WHAT YOU NEED TO DO
Return only the lines from the top of the material through the line marked by "#4702 = CARTESIAN_POINT", unaltered.

━━━ RECORDS TO PROCESS ━━━

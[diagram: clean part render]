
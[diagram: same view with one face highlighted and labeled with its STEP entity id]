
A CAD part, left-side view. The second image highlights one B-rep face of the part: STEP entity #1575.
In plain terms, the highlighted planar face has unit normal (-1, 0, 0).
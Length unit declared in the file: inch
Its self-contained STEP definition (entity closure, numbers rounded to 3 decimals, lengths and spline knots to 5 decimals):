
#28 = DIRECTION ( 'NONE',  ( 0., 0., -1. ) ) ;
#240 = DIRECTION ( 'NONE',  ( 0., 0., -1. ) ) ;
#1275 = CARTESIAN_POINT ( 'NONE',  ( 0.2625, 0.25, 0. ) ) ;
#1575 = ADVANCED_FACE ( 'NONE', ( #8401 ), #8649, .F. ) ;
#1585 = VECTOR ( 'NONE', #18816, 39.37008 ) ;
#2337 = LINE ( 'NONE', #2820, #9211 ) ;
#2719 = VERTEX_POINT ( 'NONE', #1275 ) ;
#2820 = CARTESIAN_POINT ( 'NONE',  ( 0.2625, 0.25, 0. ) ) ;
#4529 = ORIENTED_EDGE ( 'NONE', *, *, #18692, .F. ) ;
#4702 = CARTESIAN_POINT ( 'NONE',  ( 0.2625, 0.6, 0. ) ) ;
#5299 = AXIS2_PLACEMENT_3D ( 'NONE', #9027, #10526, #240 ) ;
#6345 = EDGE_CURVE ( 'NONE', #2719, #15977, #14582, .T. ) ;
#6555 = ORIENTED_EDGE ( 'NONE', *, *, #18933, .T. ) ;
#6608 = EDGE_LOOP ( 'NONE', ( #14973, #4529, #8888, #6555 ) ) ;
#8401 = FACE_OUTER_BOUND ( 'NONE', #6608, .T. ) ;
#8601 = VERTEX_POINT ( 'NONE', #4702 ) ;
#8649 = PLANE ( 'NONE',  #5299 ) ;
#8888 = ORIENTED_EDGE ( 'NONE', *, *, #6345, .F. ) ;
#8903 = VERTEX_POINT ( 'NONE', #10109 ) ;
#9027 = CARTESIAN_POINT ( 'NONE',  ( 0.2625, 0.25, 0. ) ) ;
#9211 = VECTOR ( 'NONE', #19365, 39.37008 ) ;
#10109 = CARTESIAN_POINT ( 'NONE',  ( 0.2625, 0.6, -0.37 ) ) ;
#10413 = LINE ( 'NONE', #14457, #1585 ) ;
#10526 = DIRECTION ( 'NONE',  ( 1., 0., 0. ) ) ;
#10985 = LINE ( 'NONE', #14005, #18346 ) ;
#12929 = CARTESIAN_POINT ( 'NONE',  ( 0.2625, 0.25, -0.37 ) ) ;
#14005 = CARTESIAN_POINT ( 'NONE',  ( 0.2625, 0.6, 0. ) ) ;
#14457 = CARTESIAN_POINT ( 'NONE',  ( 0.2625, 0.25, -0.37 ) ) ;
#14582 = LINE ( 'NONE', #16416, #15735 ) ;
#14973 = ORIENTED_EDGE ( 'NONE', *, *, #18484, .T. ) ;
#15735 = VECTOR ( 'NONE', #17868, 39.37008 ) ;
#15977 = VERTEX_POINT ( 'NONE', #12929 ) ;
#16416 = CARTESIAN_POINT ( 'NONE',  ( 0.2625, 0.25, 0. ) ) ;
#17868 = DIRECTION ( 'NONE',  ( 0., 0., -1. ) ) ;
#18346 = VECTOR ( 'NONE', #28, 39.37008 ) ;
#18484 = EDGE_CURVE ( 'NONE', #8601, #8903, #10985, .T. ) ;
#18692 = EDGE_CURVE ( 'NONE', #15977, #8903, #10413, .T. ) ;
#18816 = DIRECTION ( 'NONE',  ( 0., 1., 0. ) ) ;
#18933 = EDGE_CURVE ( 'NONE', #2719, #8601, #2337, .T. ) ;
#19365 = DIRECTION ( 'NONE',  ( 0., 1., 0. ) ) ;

━━━

REPLY
[diagram: clean part render]
[diagram: same view with one face highlighted and labeled with its STEP entity id]
A CAD part, left-side view. The second image highlights one B-rep face of the part: STEP entity #1575.
In plain terms, the highlighted planar face has unit normal (-1, 0, 0).
Length unit declared in the file: inch
Its self-contained STEP definition (entity closure, numbers rounded to 3 decimals, lengths and spline knots to 5 decimals):
#28 = DIRECTION ( 'NONE',  ( 0., 0., -1. ) ) ;
#240 = DIRECTION ( 'NONE',  ( 0., 0., -1. ) ) ;
#1275 = CARTESIAN_POINT ( 'NONE',  ( 0.2625, 0.25, 0. ) ) ;
#1575 = ADVANCED_FACE ( 'NONE', ( #8401 ), #8649, .F. ) ;
#1585 = VECTOR ( 'NONE', #18816, 39.37008 ) ;
#2337 = LINE ( 'NONE', #2820, #9211 ) ;
#2719 = VERTEX_POINT ( 'NONE', #1275 ) ;
#2820 = CARTESIAN_POINT ( 'NONE',  ( 0.2625, 0.25, 0. ) ) ;
#4529 = ORIENTED_EDGE ( 'NONE', *, *, #18692, .F. ) ;
#4702 = CARTESIAN_POINT ( 'NONE',  ( 0.2625, 0.6, 0. ) ) ;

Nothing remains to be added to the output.